**TASK TO CARRY OUT:**
Your answer must be the data repeated exactly, with no pictures in it.

**TASK DATA:**
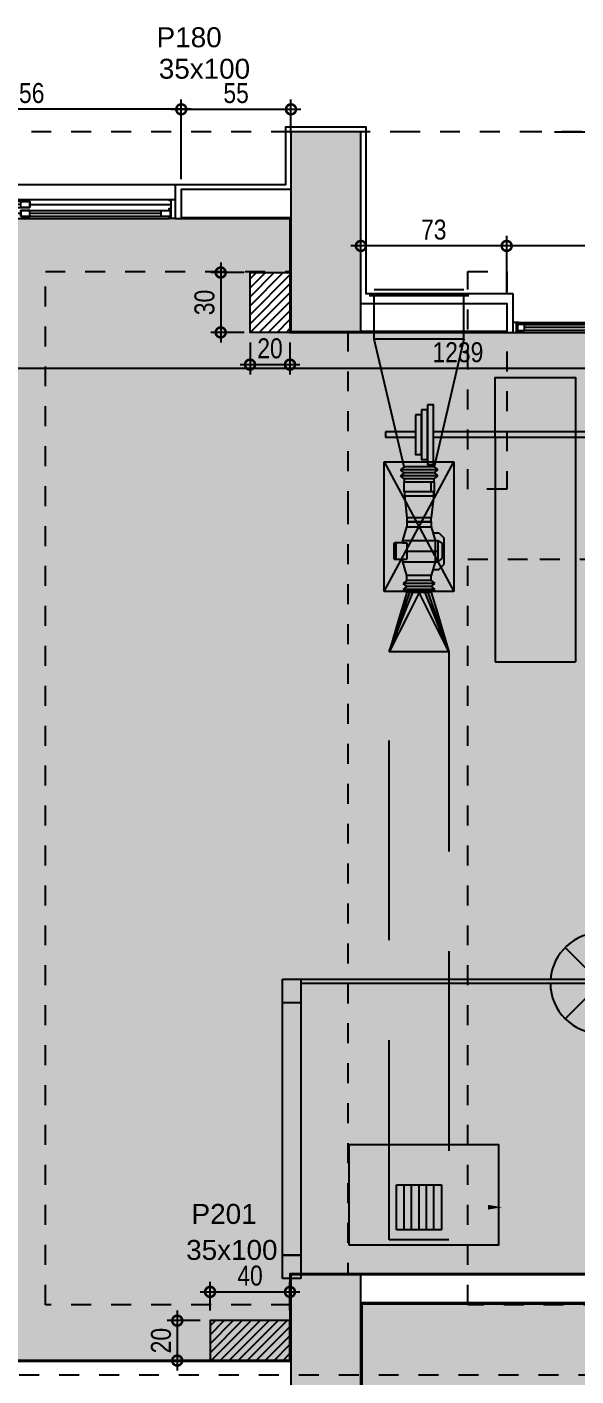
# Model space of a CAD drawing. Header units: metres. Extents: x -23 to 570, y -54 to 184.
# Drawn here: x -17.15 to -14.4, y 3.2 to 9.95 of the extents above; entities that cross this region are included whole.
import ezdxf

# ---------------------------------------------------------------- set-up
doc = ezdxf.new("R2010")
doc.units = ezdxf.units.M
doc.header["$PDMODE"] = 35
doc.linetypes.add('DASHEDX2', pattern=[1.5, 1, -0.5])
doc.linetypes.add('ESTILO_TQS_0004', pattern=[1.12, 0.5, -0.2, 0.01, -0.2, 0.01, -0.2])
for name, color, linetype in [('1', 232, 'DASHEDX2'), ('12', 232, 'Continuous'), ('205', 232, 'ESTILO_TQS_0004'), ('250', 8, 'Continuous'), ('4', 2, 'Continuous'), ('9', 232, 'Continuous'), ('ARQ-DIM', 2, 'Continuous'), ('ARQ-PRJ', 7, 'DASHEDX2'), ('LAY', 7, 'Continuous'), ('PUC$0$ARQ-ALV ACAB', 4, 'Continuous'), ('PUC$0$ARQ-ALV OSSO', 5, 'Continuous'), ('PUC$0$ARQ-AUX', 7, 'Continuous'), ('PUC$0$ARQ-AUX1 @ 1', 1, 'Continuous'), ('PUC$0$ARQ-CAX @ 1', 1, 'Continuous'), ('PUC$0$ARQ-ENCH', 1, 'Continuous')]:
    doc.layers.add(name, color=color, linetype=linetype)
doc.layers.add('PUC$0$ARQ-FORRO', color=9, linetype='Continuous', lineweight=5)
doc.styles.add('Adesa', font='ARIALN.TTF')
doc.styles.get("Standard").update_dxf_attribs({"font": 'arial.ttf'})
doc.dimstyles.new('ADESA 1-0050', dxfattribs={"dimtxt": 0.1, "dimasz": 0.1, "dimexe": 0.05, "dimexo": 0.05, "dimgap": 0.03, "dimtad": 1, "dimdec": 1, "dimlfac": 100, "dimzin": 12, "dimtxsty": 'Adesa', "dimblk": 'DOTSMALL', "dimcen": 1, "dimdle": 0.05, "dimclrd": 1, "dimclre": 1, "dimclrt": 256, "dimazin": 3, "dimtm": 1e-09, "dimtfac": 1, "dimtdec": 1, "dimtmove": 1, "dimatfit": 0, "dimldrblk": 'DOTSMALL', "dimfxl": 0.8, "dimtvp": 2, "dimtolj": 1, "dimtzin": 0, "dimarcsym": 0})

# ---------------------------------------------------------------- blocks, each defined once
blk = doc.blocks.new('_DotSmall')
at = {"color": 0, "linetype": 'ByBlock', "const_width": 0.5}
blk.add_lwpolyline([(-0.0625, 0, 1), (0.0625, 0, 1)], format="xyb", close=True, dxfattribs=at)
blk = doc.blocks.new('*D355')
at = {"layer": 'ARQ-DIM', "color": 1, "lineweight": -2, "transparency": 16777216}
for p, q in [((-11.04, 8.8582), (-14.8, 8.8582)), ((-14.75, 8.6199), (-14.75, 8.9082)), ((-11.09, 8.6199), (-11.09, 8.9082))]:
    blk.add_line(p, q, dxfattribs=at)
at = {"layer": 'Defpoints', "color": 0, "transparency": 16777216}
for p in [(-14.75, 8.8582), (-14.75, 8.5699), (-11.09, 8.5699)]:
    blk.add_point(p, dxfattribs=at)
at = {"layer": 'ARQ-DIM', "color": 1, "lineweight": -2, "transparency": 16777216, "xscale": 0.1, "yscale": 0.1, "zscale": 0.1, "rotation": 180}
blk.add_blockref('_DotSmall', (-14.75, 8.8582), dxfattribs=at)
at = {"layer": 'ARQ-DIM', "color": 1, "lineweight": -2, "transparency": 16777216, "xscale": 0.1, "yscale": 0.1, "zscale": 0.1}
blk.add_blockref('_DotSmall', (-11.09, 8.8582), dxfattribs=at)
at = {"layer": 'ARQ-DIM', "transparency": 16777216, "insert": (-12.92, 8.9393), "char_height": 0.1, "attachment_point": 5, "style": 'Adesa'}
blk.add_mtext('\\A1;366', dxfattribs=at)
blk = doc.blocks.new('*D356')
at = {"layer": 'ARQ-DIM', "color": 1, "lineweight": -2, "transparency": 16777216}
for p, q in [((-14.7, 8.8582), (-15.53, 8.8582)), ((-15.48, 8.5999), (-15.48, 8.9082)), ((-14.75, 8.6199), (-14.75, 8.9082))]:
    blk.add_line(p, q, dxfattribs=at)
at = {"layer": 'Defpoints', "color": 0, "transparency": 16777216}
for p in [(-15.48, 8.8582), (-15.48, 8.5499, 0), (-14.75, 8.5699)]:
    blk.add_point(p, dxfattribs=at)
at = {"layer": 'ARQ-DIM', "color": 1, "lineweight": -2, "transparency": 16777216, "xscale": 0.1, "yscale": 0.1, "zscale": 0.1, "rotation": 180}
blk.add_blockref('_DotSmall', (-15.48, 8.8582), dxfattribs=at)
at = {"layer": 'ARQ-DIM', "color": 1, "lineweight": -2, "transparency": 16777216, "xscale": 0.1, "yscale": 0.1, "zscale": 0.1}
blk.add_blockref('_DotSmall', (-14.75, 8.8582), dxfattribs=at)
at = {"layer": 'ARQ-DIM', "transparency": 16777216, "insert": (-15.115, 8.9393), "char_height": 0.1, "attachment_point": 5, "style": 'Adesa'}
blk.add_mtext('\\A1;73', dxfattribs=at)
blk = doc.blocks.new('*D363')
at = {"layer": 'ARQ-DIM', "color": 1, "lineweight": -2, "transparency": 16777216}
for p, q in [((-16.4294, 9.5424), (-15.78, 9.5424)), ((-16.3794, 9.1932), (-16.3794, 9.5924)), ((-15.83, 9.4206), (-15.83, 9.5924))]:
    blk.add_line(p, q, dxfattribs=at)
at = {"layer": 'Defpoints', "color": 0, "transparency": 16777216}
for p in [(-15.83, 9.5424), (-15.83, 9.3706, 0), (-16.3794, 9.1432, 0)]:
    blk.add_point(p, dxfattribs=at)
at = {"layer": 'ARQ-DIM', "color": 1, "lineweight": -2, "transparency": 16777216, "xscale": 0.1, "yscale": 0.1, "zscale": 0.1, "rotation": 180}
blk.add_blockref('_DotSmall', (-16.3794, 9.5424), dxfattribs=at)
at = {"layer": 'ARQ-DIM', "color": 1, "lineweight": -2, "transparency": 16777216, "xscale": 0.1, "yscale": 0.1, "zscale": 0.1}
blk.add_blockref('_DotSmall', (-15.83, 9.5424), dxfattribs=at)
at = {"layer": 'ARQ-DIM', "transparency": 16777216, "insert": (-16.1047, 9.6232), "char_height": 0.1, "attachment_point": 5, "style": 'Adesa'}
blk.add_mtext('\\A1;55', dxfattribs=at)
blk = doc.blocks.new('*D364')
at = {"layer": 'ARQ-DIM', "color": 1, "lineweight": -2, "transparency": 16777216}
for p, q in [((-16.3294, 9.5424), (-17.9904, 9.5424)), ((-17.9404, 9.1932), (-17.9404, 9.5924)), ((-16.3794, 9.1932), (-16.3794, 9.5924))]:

**FINISHED TASK:**
# Model space of a CAD drawing. Header units: metres. Extents: x -23 to 570, y -54 to 184.
# Drawn here: x -17.15 to -14.4, y 3.2 to 9.95 of the extents above; entities that cross this region are included whole.
import ezdxf

# ---------------------------------------------------------------- set-up
doc = ezdxf.new("R2010")
doc.units = ezdxf.units.M
doc.header["$PDMODE"] = 35
doc.linetypes.add('DASHEDX2', pattern=[1.5, 1, -0.5])
doc.linetypes.add('ESTILO_TQS_0004', pattern=[1.12, 0.5, -0.2, 0.01, -0.2, 0.01, -0.2])
for name, color, linetype in [('1', 232, 'DASHEDX2'), ('12', 232, 'Continuous'), ('205', 232, 'ESTILO_TQS_0004'), ('250', 8, 'Continuous'), ('4', 2, 'Continuous'), ('9', 232, 'Continuous'), ('ARQ-DIM', 2, 'Continuous'), ('ARQ-PRJ', 7, 'DASHEDX2'), ('LAY', 7, 'Continuous'), ('PUC$0$ARQ-ALV ACAB', 4, 'Continuous'), ('PUC$0$ARQ-ALV OSSO', 5, 'Continuous'), ('PUC$0$ARQ-AUX', 7, 'Continuous'), ('PUC$0$ARQ-AUX1 @ 1', 1, 'Continuous'), ('PUC$0$ARQ-CAX @ 1', 1, 'Continuous'), ('PUC$0$ARQ-ENCH', 1, 'Continuous')]:
    doc.layers.add(name, color=color, linetype=linetype)
doc.layers.add('PUC$0$ARQ-FORRO', color=9, linetype='Continuous', lineweight=5)
doc.styles.add('Adesa', font='ARIALN.TTF')
doc.styles.get("Standard").update_dxf_attribs({"font": 'arial.ttf'})
doc.dimstyles.new('ADESA 1-0050', dxfattribs={"dimtxt": 0.1, "dimasz": 0.1, "dimexe": 0.05, "dimexo": 0.05, "dimgap": 0.03, "dimtad": 1, "dimdec": 1, "dimlfac": 100, "dimzin": 12, "dimtxsty": 'Adesa', "dimblk": 'DOTSMALL', "dimcen": 1, "dimdle": 0.05, "dimclrd": 1, "dimclre": 1, "dimclrt": 256, "dimazin": 3, "dimtm": 1e-09, "dimtfac": 1, "dimtdec": 1, "dimtmove": 1, "dimatfit": 0, "dimldrblk": 'DOTSMALL', "dimfxl": 0.8, "dimtvp": 2, "dimtolj": 1, "dimtzin": 0, "dimarcsym": 0})

# ---------------------------------------------------------------- blocks, each defined once
blk = doc.blocks.new('_DotSmall')
at = {"color": 0, "linetype": 'ByBlock', "const_width": 0.5}
blk.add_lwpolyline([(-0.0625, 0, 1), (0.0625, 0, 1)], format="xyb", close=True, dxfattribs=at)
blk = doc.blocks.new('*D355')
at = {"layer": 'ARQ-DIM', "color": 1, "lineweight": -2, "transparency": 16777216}
for p, q in [((-11.04, 8.8582), (-14.8, 8.8582)), ((-14.75, 8.6199), (-14.75, 8.9082)), ((-11.09, 8.6199), (-11.09, 8.9082))]:
    blk.add_line(p, q, dxfattribs=at)
at = {"layer": 'Defpoints', "color": 0, "transparency": 16777216}
for p in [(-14.75, 8.8582), (-14.75, 8.5699), (-11.09, 8.5699)]:
    blk.add_point(p, dxfattribs=at)
at = {"layer": 'ARQ-DIM', "color": 1, "lineweight": -2, "transparency": 16777216, "xscale": 0.1, "yscale": 0.1, "zscale": 0.1, "rotation": 180}
blk.add_blockref('_DotSmall', (-14.75, 8.8582), dxfattribs=at)
at = {"layer": 'ARQ-DIM', "color": 1, "lineweight": -2, "transparency": 16777216, "xscale": 0.1, "yscale": 0.1, "zscale": 0.1}
blk.add_blockref('_DotSmall', (-11.09, 8.8582), dxfattribs=at)
at = {"layer": 'ARQ-DIM', "transparency": 16777216, "insert": (-12.92, 8.9393), "char_height": 0.1, "attachment_point": 5, "style": 'Adesa'}
blk.add_mtext('\\A1;366', dxfattribs=at)
blk = doc.blocks.new('*D356')
at = {"layer": 'ARQ-DIM', "color": 1, "lineweight": -2, "transparency": 16777216}
for p, q in [((-14.7, 8.8582), (-15.53, 8.8582)), ((-15.48, 8.5999), (-15.48, 8.9082)), ((-14.75, 8.6199), (-14.75, 8.9082))]:
    blk.add_line(p, q, dxfattribs=at)
at = {"layer": 'Defpoints', "color": 0, "transparency": 16777216}
for p in [(-15.48, 8.8582), (-15.48, 8.5499, 0), (-14.75, 8.5699)]:
    blk.add_point(p, dxfattribs=at)
at = {"layer": 'ARQ-DIM', "color": 1, "lineweight": -2, "transparency": 16777216, "xscale": 0.1, "yscale": 0.1, "zscale": 0.1, "rotation": 180}
blk.add_blockref('_DotSmall', (-15.48, 8.8582), dxfattribs=at)
at = {"layer": 'ARQ-DIM', "color": 1, "lineweight": -2, "transparency": 16777216, "xscale": 0.1, "yscale": 0.1, "zscale": 0.1}
blk.add_blockref('_DotSmall', (-14.75, 8.8582), dxfattribs=at)
at = {"layer": 'ARQ-DIM', "transparency": 16777216, "insert": (-15.115, 8.9393), "char_height": 0.1, "attachment_point": 5, "style": 'Adesa'}
blk.add_mtext('\\A1;73', dxfattribs=at)
blk = doc.blocks.new('*D363')
at = {"layer": 'ARQ-DIM', "color": 1, "lineweight": -2, "transparency": 16777216}
for p, q in [((-16.4294, 9.5424), (-15.78, 9.5424)), ((-16.3794, 9.1932), (-16.3794, 9.5924)), ((-15.83, 9.4206), (-15.83, 9.5924))]:
    blk.add_line(p, q, dxfattribs=at)
at = {"layer": 'Defpoints', "color": 0, "transparency": 16777216}
for p in [(-15.83, 9.5424), (-15.83, 9.3706, 0), (-16.3794, 9.1432, 0)]:
    blk.add_point(p, dxfattribs=at)
at = {"layer": 'ARQ-DIM', "color": 1, "lineweight": -2, "transparency": 16777216, "xscale": 0.1, "yscale": 0.1, "zscale": 0.1, "rotation": 180}
blk.add_blockref('_DotSmall', (-16.3794, 9.5424), dxfattribs=at)
at = {"layer": 'ARQ-DIM', "color": 1, "lineweight": -2, "transparency": 16777216, "xscale": 0.1, "yscale": 0.1, "zscale": 0.1}
blk.add_blockref('_DotSmall', (-15.83, 9.5424), dxfattribs=at)
at = {"layer": 'ARQ-DIM', "transparency": 16777216, "insert": (-16.1047, 9.6232), "char_height": 0.1, "attachment_point": 5, "style": 'Adesa'}
blk.add_mtext('\\A1;55', dxfattribs=at)
blk = doc.blocks.new('*D364')
at = {"layer": 'ARQ-DIM', "color": 1, "lineweight": -2, "transparency": 16777216}
for p, q in [((-16.3294, 9.5424), (-17.9904, 9.5424)), ((-17.9404, 9.1932), (-17.9404, 9.5924)), ((-16.3794, 9.1932), (-16.3794, 9.5924))]:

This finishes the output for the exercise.